With battery electric vehicles (BEVs) rapidly approaching cost parity with internal combustion engines (ICEs), investors should be aware of the implications for the auto industry and its upstream partners — from raw materials mining and semiconductors to the utilities that support the charging infrastructure.
In the future landscape of mobility services and autonomous vehicles, the very idea of owning and driving cars will change.
As countries announce plans to ban sales of fossil fuel–powered ICEs to tackle air pollution, and battery costs fall faster than expected, Tesla’s progress in making BEVs popular and affordable is forcing auto industry leaders like Volkswagen, Toyota and Volvo to radically change their business plans.
In our view, the path for BEVs to take the lead over ICEs is open, but there are hurdles to further market penetration that must be cleared.
Consumers will adopt BEVs when the cars are well designed, with range at competitive cost and access to fast charging stations.
More efficient battery technologies could mollify consumers’ understandable anxiety about buying electric vehicles with limited driving range. For a lithium-ion battery to be cost effective relative to an ICE, it would need a range of around 300 miles at a price of US$100 per kilowatt hour (kWh).
Based on the long and steady history of improvements in battery chemistry and gains in production efficiency, cost parity between BEVs and ICEs could be reached by 2022 or 2023.
Charging infrastructure and efficiency
To allow wider use of BEVs over ICEs, significant capital expenditure will be required to provide adequate access to fast charging stations.

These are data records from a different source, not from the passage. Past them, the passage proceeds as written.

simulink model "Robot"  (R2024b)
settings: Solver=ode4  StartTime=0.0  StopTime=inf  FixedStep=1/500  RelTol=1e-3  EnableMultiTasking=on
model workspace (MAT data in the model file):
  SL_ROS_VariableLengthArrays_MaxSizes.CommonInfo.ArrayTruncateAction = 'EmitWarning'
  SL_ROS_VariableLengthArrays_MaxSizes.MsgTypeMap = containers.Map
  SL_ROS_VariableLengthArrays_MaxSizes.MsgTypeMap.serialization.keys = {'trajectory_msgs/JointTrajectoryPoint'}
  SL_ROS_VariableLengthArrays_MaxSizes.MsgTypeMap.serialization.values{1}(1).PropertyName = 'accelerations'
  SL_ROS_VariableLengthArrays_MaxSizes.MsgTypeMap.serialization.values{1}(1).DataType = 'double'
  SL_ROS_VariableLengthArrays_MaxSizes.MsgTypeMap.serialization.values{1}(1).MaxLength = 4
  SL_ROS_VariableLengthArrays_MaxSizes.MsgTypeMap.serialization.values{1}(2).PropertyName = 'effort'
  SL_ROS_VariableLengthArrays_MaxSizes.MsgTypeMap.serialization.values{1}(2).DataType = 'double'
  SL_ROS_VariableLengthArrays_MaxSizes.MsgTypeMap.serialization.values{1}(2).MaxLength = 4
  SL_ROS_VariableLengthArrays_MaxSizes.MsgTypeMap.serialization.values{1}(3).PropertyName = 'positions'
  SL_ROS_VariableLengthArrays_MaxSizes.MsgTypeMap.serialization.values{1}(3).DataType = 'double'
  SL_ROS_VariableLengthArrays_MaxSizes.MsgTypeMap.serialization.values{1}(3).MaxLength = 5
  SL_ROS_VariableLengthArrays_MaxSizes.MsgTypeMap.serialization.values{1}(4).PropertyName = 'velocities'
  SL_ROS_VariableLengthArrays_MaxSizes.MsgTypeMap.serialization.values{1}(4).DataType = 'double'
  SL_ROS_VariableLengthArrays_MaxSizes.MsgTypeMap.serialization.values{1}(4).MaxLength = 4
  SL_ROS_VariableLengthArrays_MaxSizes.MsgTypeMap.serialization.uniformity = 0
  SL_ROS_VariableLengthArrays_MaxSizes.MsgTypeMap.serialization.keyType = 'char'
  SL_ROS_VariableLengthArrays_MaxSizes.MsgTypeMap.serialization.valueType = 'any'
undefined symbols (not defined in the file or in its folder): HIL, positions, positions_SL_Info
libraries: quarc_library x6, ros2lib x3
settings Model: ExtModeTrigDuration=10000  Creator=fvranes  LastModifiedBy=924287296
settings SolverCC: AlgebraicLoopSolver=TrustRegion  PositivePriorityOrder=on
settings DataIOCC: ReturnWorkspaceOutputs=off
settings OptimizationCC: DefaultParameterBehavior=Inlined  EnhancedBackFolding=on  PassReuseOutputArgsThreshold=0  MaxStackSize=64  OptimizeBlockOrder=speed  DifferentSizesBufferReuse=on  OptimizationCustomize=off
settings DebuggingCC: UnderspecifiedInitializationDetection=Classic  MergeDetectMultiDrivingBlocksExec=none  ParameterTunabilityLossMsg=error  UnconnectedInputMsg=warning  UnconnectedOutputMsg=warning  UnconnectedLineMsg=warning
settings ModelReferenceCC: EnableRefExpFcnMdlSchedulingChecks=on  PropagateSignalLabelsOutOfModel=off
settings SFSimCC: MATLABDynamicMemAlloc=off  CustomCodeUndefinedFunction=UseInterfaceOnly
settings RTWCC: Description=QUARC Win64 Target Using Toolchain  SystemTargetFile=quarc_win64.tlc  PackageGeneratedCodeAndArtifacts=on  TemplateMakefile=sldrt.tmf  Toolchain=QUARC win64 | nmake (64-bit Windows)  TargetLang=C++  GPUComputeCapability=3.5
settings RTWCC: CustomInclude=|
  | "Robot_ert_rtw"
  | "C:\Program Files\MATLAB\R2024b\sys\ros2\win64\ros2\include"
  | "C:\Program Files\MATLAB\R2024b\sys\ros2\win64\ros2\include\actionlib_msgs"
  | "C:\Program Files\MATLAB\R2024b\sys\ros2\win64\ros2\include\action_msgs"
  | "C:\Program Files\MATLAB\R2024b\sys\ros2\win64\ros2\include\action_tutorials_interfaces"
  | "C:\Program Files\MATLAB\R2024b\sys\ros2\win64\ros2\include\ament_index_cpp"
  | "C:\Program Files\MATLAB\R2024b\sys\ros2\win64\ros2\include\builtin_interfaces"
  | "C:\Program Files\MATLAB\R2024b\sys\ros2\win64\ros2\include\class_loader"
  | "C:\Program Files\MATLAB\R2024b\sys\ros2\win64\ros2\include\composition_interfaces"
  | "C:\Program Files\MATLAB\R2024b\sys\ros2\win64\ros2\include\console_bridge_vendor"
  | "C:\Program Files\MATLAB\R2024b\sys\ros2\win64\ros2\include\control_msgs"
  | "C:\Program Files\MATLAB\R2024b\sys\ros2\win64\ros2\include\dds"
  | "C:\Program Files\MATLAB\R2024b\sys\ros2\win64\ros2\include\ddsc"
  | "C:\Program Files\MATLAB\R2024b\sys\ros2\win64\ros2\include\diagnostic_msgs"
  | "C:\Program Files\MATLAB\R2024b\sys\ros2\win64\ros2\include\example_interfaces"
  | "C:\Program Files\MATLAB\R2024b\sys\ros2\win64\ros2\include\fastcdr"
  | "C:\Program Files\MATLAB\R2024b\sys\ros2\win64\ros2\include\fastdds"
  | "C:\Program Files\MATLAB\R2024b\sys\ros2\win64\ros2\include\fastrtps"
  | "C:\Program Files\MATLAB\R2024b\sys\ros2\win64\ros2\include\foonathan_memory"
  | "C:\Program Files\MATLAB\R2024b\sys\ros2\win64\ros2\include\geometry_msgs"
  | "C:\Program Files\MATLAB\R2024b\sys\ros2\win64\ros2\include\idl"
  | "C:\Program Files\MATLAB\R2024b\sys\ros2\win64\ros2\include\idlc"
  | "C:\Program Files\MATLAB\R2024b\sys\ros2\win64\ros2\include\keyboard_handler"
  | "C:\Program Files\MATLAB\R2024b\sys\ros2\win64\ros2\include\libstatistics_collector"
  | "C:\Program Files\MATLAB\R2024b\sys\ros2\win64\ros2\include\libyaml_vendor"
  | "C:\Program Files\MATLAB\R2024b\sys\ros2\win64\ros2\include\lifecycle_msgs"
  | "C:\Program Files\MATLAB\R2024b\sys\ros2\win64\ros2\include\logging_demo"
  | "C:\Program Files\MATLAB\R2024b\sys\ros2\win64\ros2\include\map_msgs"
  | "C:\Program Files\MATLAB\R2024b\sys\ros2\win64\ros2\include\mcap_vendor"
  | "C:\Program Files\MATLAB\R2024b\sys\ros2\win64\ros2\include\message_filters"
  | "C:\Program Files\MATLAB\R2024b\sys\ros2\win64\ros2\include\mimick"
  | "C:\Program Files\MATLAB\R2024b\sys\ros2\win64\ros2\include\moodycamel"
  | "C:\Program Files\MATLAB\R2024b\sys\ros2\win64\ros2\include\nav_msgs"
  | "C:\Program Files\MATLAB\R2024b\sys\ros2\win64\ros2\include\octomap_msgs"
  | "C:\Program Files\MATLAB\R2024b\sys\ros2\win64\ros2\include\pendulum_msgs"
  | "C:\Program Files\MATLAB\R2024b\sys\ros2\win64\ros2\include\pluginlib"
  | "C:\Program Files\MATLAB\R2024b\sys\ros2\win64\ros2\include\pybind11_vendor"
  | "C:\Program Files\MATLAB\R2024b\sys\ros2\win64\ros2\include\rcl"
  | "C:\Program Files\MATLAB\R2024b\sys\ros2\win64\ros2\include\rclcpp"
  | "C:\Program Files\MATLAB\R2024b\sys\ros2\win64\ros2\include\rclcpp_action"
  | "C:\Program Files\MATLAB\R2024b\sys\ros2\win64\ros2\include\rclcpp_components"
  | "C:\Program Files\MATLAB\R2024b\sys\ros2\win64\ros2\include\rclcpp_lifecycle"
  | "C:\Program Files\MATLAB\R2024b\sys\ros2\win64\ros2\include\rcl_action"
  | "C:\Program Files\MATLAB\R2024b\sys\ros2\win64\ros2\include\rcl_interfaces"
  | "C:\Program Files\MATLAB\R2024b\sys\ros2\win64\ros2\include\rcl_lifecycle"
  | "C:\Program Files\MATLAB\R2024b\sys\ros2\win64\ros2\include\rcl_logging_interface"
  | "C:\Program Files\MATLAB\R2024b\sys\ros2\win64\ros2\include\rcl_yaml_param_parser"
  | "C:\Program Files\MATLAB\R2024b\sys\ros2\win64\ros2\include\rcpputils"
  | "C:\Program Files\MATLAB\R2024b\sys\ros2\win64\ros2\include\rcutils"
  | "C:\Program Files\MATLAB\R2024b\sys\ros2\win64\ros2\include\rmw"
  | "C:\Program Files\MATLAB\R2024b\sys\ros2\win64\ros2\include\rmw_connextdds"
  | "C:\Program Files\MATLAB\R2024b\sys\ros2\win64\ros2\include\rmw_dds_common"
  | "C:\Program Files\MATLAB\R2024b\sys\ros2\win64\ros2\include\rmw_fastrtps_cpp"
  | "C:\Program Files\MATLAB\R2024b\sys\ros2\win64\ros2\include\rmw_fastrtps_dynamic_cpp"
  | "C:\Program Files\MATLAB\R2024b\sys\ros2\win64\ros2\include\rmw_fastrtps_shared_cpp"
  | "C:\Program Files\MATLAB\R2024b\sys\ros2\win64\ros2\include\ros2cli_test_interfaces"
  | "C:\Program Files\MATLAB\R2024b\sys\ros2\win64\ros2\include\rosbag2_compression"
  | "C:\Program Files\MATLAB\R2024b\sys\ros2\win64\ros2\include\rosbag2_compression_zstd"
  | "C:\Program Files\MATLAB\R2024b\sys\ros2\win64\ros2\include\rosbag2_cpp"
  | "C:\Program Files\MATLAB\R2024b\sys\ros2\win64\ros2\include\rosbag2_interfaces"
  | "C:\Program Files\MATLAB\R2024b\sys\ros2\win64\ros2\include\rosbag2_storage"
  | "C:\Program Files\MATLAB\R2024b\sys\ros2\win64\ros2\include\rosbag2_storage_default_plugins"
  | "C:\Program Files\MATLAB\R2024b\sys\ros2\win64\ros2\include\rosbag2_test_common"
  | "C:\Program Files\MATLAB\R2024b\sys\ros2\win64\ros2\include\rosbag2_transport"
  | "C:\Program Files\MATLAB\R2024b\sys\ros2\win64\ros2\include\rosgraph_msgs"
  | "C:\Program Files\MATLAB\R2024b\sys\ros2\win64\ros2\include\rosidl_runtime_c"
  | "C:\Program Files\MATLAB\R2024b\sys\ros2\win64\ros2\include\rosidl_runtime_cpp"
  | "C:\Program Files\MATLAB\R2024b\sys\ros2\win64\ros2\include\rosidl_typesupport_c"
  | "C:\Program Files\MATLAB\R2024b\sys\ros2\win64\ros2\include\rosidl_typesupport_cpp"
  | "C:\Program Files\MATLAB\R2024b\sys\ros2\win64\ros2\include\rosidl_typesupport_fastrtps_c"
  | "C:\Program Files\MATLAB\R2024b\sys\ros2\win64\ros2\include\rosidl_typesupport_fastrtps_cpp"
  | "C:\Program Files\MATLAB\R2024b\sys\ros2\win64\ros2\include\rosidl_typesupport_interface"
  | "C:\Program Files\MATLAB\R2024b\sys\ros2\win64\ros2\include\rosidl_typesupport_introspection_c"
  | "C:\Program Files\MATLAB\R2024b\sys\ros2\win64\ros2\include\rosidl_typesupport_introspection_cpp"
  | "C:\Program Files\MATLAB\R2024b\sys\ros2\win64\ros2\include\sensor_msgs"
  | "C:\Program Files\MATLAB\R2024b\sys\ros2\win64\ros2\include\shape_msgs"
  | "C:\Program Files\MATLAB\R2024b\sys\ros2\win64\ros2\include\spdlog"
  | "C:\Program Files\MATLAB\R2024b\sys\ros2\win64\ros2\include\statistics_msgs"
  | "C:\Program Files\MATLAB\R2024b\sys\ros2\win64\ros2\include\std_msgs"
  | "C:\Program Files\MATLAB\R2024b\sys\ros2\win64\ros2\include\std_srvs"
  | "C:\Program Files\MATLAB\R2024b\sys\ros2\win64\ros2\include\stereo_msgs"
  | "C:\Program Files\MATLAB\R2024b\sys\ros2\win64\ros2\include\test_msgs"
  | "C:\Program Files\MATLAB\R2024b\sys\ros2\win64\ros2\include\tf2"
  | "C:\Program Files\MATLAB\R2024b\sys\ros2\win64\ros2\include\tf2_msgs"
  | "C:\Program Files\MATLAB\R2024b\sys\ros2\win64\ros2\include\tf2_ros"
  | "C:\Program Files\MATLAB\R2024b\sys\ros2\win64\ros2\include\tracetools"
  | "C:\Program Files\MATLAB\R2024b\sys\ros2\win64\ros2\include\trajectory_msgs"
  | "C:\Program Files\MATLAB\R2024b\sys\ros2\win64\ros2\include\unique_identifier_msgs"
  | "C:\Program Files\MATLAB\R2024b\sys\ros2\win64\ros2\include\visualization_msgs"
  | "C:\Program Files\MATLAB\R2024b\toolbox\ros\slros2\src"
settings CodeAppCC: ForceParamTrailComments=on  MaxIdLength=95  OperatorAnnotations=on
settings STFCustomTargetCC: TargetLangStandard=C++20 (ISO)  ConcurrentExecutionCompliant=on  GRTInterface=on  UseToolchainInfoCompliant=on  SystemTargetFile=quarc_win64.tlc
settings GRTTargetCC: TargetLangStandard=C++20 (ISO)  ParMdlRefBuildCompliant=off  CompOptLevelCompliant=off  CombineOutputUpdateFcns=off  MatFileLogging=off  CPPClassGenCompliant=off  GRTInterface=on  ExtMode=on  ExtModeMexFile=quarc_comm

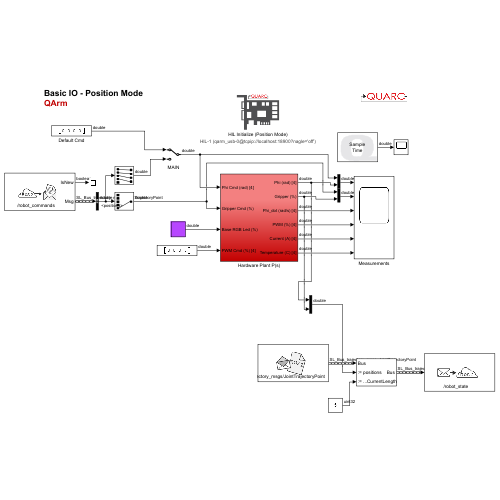
[thumbnail: Simulink's stored preview of the top-level diagram]
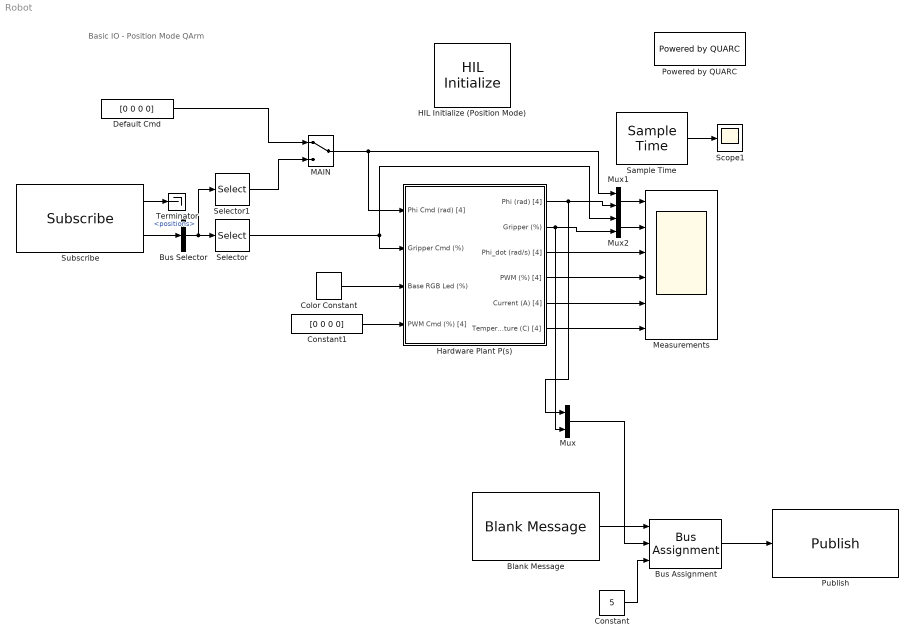
== system Robot ==
  note: Basic IO - Position Mode
      | QArm
  Blank Message : ros2lib/Blank Message  messageClass=Message  entityType=trajectory_msgs/JointTrajectoryPoint  messageType=trajectory_msgs/JointTrajectoryPoint  SampleTime=inf
  Bus Assignment : BusAssignment  AssignedSignals=positions,positions_SL_Info.CurrentLength
  Bus Selector : BusSelector  OutputSignals=positions
  Color Constant : quarc_library/Sources/Signals/Color Constant  color=[0.71765 0.27451 1]
      settings: SourceProductName=QUARC Targets
  Constant : Constant  Value=5  OutDataTypeStr=uint32
  Constant1 : Constant  Value=[0 0 0 0]
  Default Cmd : Constant  Value=[0 0 0 0]
  HIL Initialize (Position Mode) : quarc_library/Data Acquisition/Generic/Configuration/HIL Initialize  object_name=HIL-1  board_type=qarm_usb  board_number=0@tcpip://localhost:18900?nagle='off'  board_options=j0_mode=0;j1_mode=0;j2_mode=0;j3_mode=0;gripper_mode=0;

The infrastructure improvement process has made a promising start, as the Environmental Protection Agency’s diesel emissions settlement with Volkswagen has mandated that US$2 billion be spent on the construction of charging stations throughout the US. In addition, we have observed broad government commitments to expanding charging station networks globally in the coming years.
BEV charging stations must also shorten the time to repower. Even the industry-leading Superchargers exclusive to Tesla take at least 30 minutes to fully recharge their batteries. So a 1,000-mile trip would still take longer in a 300-mile range BEV than in a conventional ICE.
Despite these obstacles, automakers have shifted gears to increase the variety of BEVs in development and on the market. Volvo has even announced that it will discontinue the production of pure ICE vehicles starting with its new models in 2019.
This trend is likely to persist as global environmental regulations continue to tighten and consumer preferences shift toward the technologically advanced, socially responsible and increasingly fashionable BEVs.
As we see it, investors should recognize that the surge in BEV adoption will have massive implications for many different industries. Miners of raw materials used in batteries — including lithium, nickel, copper and cobalt — should experience positive fallout, along with producers of the chemicals, semiconductors, anodes and cathodes needed to meet increased demand from battery manufacturers.
The benefits of rising BEV production may not be a boon to battery manufacturers themselves, however, as high government subsidies in Korea, Japan and China will likely keep competitors’ returns down despite the massive ramping up of both supply and demand.
Drilling and distribution of fossil fuels for ICEs will eventually be challenged by the transition from refueling to charging stations, although not for some time. Even with our ahead-of-consensus estimates for 8 percent to 12 percent BEV penetration by 2025, we expect that sales of cars with at least partially gas-powered engines will actually be higher in 2025 than today. What will likely change is that the gains in sales will be slower than their traditional pace in line with GDP and population growth.
Truly viable BEVs would clear a major roadblock to the development of autonomous vehicles by allowing them to be recharged cheaply and quickly while not in use. This in turn could accelerate the trend to replace car ownership with fleet vehicles for ride-sharing apps and other mobility services. While reliable self-driving technology may still take many years to perfect, we agree with the futurists that when it becomes widely available, it will pave the way for even more disruption in the auto industry.
In the meantime, we believe the better way to ride through these transformations is to go upstream in the value chain where there is already demand, rather than in the automobile industry itself. For example, we would look in the materials sector for companies that mine the lithium compounds used in batteries or in the technology sector for semiconductors and other devices. We expect to see little return among the automakers that have to invest so much capital to change their entire manufacturing processes, while automotive suppliers are at a point in the cycle where their valuations are stretched.